Problems of South East Asia -3

 

  • Racial Riots-

The 1964 July racial riots in Singapore is considered to be one of the worst incidents in the history of Singapore as this riot killed 22 people and caused 454 to suffer severe injuries. This riot occurred during the procession to celebrate Mawlid where twenty-five thousand Malay had gathered at the Padang. Besides the recital of some prayers and engagement in some religious activities, a series of fiery speeches was also made by the organisers instigating racial tensions. During the procession, clashes occurred between the Malays and the Chinese which eventually led to a riot spreading to other areas. The racial riot plays a pivotal role in shaping Singapore’s future policies which centred on the principles of multiracial and multiculturalism.

  • Over population-

Overpopulation is regarded as one of the main characteristics of poverty. The world population has passed the four billion mark. Nearly 30 per cent of the total world population lives in the fourteen countries of South-east Asia. India, of course, tops the list with its 625 million, but its population growth rate, which fell to 1.94 per cent in 1978, is the lowest in the region except for that of Singapore. None the less, India’s population continues to increase by thirteen million (almost equal to Australia’s population) every year.

  • Food shortage

Economists tend to disagree on the problem of food shortage. The pessimists- who believe in Malthus’s theory that population, when unchecked, increases in a geometrical ratio and subsistence increases only in an arithmetical ratio- predict that there will always be a shortage of food for an increasing number of hungry people. The way things are going, they do not think that poverty will ever be overcome. The remedy they suggest, in their desperation, is based on the notion of ‘triage’- the battlefield policies of a military hospital – which is to treat only those with a good chance of recovery, and allow the rest to die. The situation does not look as desperate as the pessimists make out. In some countries of southern Asia food production has outpaced population growth.
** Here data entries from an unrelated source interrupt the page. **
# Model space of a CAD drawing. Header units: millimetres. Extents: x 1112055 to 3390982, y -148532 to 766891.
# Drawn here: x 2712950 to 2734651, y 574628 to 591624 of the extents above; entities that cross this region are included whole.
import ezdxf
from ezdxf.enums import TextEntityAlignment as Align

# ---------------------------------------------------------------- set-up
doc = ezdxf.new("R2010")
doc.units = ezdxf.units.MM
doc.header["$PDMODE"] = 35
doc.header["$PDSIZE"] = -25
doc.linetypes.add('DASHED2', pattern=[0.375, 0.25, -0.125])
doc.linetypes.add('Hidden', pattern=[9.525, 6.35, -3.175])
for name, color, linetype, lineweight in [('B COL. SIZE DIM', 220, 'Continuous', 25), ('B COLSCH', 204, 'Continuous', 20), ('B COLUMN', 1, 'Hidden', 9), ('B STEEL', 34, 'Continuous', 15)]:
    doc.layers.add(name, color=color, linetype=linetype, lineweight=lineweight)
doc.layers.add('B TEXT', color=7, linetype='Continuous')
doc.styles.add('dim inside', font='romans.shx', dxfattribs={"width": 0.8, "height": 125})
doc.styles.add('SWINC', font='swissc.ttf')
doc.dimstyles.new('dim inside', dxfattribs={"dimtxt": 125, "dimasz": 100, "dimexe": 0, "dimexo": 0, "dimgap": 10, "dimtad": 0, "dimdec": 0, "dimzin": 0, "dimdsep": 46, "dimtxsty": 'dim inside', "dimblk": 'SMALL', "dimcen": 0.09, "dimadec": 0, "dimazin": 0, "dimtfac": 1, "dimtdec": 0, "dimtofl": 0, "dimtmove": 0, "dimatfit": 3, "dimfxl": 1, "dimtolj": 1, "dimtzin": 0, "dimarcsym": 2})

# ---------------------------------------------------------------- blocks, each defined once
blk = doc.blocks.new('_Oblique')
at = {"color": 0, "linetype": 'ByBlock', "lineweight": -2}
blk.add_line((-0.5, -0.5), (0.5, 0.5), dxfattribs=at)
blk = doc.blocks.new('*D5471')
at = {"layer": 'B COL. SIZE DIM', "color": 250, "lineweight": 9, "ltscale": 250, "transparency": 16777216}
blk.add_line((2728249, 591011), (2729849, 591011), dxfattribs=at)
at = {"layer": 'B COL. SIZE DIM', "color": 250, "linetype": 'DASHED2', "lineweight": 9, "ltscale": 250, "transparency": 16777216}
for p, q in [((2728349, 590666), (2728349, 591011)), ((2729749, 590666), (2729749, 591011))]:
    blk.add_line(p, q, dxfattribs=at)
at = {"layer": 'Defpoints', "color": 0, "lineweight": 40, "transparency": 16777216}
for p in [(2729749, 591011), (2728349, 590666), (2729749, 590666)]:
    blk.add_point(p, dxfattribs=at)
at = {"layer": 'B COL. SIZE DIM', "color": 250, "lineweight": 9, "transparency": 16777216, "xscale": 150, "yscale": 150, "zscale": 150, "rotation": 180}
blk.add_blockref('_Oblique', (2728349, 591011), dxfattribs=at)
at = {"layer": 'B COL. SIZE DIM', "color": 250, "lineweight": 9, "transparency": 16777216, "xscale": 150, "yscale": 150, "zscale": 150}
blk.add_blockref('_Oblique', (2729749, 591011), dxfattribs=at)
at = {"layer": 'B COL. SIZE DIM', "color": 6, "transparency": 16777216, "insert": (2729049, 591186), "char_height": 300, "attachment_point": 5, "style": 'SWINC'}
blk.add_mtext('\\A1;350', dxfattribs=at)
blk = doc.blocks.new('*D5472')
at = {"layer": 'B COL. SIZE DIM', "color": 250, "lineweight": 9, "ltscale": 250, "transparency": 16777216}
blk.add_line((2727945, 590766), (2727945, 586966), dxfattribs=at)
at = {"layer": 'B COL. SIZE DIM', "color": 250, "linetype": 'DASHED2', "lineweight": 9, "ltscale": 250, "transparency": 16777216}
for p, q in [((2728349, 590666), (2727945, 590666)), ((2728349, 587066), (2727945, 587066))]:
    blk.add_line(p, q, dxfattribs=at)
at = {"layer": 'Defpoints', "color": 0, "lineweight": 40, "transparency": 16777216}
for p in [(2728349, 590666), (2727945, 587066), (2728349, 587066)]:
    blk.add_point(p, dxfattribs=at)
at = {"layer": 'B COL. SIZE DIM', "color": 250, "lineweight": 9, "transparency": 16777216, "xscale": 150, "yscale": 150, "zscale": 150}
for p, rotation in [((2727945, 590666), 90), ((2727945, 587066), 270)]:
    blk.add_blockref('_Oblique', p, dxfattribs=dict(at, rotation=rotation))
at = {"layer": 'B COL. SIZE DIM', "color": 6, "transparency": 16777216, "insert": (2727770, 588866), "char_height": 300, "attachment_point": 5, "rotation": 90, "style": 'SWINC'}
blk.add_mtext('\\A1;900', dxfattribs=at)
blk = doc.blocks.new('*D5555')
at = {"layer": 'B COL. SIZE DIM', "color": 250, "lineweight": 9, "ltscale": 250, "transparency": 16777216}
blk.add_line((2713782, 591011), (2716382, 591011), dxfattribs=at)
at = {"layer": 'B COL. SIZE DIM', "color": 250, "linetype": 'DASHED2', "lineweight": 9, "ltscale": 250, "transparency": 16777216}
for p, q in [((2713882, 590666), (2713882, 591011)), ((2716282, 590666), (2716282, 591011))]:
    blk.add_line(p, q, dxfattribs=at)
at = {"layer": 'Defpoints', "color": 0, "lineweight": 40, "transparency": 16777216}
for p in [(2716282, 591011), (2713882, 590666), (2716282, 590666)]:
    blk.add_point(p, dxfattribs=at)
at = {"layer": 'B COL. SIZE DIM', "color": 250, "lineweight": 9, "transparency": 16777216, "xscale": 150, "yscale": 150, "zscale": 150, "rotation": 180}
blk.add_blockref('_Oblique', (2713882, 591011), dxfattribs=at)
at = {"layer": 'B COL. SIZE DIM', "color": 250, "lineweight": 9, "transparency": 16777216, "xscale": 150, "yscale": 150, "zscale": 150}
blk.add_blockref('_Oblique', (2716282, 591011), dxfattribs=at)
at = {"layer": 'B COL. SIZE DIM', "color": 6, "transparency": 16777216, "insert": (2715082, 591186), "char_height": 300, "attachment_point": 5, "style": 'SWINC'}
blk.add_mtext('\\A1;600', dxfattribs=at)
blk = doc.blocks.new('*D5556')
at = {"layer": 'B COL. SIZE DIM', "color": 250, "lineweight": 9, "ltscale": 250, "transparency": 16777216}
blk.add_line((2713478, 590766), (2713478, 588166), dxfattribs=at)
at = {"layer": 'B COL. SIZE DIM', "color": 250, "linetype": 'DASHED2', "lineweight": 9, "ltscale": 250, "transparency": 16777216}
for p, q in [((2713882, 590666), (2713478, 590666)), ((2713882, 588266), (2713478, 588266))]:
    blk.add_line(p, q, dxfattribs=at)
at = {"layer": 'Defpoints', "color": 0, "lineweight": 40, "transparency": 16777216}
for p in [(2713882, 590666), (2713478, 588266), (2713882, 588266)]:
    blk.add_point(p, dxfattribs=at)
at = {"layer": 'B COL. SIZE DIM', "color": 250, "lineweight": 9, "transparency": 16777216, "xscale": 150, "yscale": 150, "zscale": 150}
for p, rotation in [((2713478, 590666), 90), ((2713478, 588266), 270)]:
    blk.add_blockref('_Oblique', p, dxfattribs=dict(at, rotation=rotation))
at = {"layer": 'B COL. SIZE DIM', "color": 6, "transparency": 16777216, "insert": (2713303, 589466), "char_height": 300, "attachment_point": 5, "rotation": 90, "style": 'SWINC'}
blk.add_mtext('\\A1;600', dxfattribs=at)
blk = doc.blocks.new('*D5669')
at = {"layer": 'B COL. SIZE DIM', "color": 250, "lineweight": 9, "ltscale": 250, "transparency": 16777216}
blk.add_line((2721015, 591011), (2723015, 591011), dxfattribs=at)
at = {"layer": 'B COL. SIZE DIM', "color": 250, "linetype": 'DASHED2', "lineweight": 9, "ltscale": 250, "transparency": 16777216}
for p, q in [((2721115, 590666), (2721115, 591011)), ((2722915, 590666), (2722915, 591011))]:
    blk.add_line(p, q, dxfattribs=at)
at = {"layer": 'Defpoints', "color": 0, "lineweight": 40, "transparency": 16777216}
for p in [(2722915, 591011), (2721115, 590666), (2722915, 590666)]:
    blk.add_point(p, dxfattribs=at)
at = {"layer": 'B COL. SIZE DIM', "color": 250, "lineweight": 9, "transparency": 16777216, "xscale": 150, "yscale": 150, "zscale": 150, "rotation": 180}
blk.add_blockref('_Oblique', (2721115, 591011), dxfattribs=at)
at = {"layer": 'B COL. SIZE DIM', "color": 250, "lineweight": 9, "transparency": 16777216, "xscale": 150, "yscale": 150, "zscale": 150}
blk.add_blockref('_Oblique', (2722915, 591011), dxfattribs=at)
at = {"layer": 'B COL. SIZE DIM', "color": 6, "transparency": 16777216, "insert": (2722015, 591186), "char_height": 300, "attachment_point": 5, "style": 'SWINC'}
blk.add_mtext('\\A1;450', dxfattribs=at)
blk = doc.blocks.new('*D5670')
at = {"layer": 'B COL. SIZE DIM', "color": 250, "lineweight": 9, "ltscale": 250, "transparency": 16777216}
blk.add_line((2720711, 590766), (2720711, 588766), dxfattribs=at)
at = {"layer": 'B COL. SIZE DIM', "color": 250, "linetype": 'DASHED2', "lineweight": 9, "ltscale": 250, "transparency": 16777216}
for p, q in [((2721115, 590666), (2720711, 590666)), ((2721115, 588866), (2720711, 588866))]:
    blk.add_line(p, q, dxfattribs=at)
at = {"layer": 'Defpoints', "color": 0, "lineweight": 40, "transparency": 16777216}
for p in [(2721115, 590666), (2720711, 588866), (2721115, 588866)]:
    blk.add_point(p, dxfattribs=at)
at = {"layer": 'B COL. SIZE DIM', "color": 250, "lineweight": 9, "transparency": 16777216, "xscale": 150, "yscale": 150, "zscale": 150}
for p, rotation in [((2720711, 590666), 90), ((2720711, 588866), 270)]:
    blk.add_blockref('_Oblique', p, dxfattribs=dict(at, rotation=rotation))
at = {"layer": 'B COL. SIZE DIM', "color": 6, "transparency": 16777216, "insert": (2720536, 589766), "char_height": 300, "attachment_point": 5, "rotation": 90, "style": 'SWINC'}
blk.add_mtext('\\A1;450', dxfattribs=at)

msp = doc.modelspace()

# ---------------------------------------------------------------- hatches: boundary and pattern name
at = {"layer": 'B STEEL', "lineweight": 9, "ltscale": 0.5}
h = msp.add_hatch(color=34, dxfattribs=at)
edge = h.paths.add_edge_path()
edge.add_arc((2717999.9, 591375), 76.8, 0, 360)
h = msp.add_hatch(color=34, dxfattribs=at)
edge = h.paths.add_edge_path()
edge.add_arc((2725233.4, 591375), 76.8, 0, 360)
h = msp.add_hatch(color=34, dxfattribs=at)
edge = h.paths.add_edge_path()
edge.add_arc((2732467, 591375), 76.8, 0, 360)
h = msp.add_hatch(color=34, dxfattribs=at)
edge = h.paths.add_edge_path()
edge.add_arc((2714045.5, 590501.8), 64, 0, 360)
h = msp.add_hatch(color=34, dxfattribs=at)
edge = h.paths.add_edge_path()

The Green Revolution is the name given to concentrated efforts to increase productivity with greater use of improved seeds, fertilisers, pesticides and technical assistance. The dire need for such intensive agriculture programme cannot be overemphasised, for in Southern Asian between two-third and three-quarters of labour force agriculture, but agriculture output accounts for only about one-third of the average gross national product. The Green Revolution first began in India and later spread to other Southern Asia.

  • Refugee Crisis-

The growing Southeast Asian refugee crisis largely involving Myanmar’s persecuted Rohingya minority has strong similarities with the humanitarian disaster at Europe’s doorstep. Refugee destinations, such as Malaysia, Thailand, and Indonesia and the regional bloc the Association of Southeast Asian Nations (ASEAN) to face up to the challenge, as the European Union finally appears to be doing with its crisis. At first sight, the Southeast Asian situation appears to be under control: both the origin and intended destinations of the refugees are in the same region, and the main countries concerned are all members of ASEAN. Recent studies indicate that thousands of refugees Myanmar and Bangladesh, predominantly seeking improved economic opportunities, are adrift in the Andaman Sea and the Straits of Malacca due to denial of passage by several countries. This follows the earlier discovery of mass graves of refugees on the Thailand-Malaysia border tied to human trafficking by transnational criminal networks. The increase in the number of refugees is the result of the ongoing persecution of the Rohingya, who are denied Burmese citizenship, and regularly subjected to violence at the hands of the military. It is alleged that not less than 25,000 people had left the Bay of Bengal in the first quarter of 2015, double the number in the same period of 2013 and 2014.

  • Conclusion-

All the colonial systems which functioned in this part of the Asian continent exhibited two common features. First, all followed, in the greater or smaller measure, the policy of cautious conservatism, which in effect revived traditionalism and set in motion certain anti-national and anti-secular force, which not only affected the process of independence, but also the pace of integration and modernization in South and South-east Asia. Secondly all colonial powers displayed a sense of racial superiority which caused among the subject Asians as emotional reaction against a western rule which seem alien, exclusive and h the subject Asians as emotional reaction against a western rule which seem alien, exclusive and hypocritical. Through the influence of the imperialist, at the time of independence South and South-east Asia stood somewhat differently, conditioned by the differences in their colonial legacy.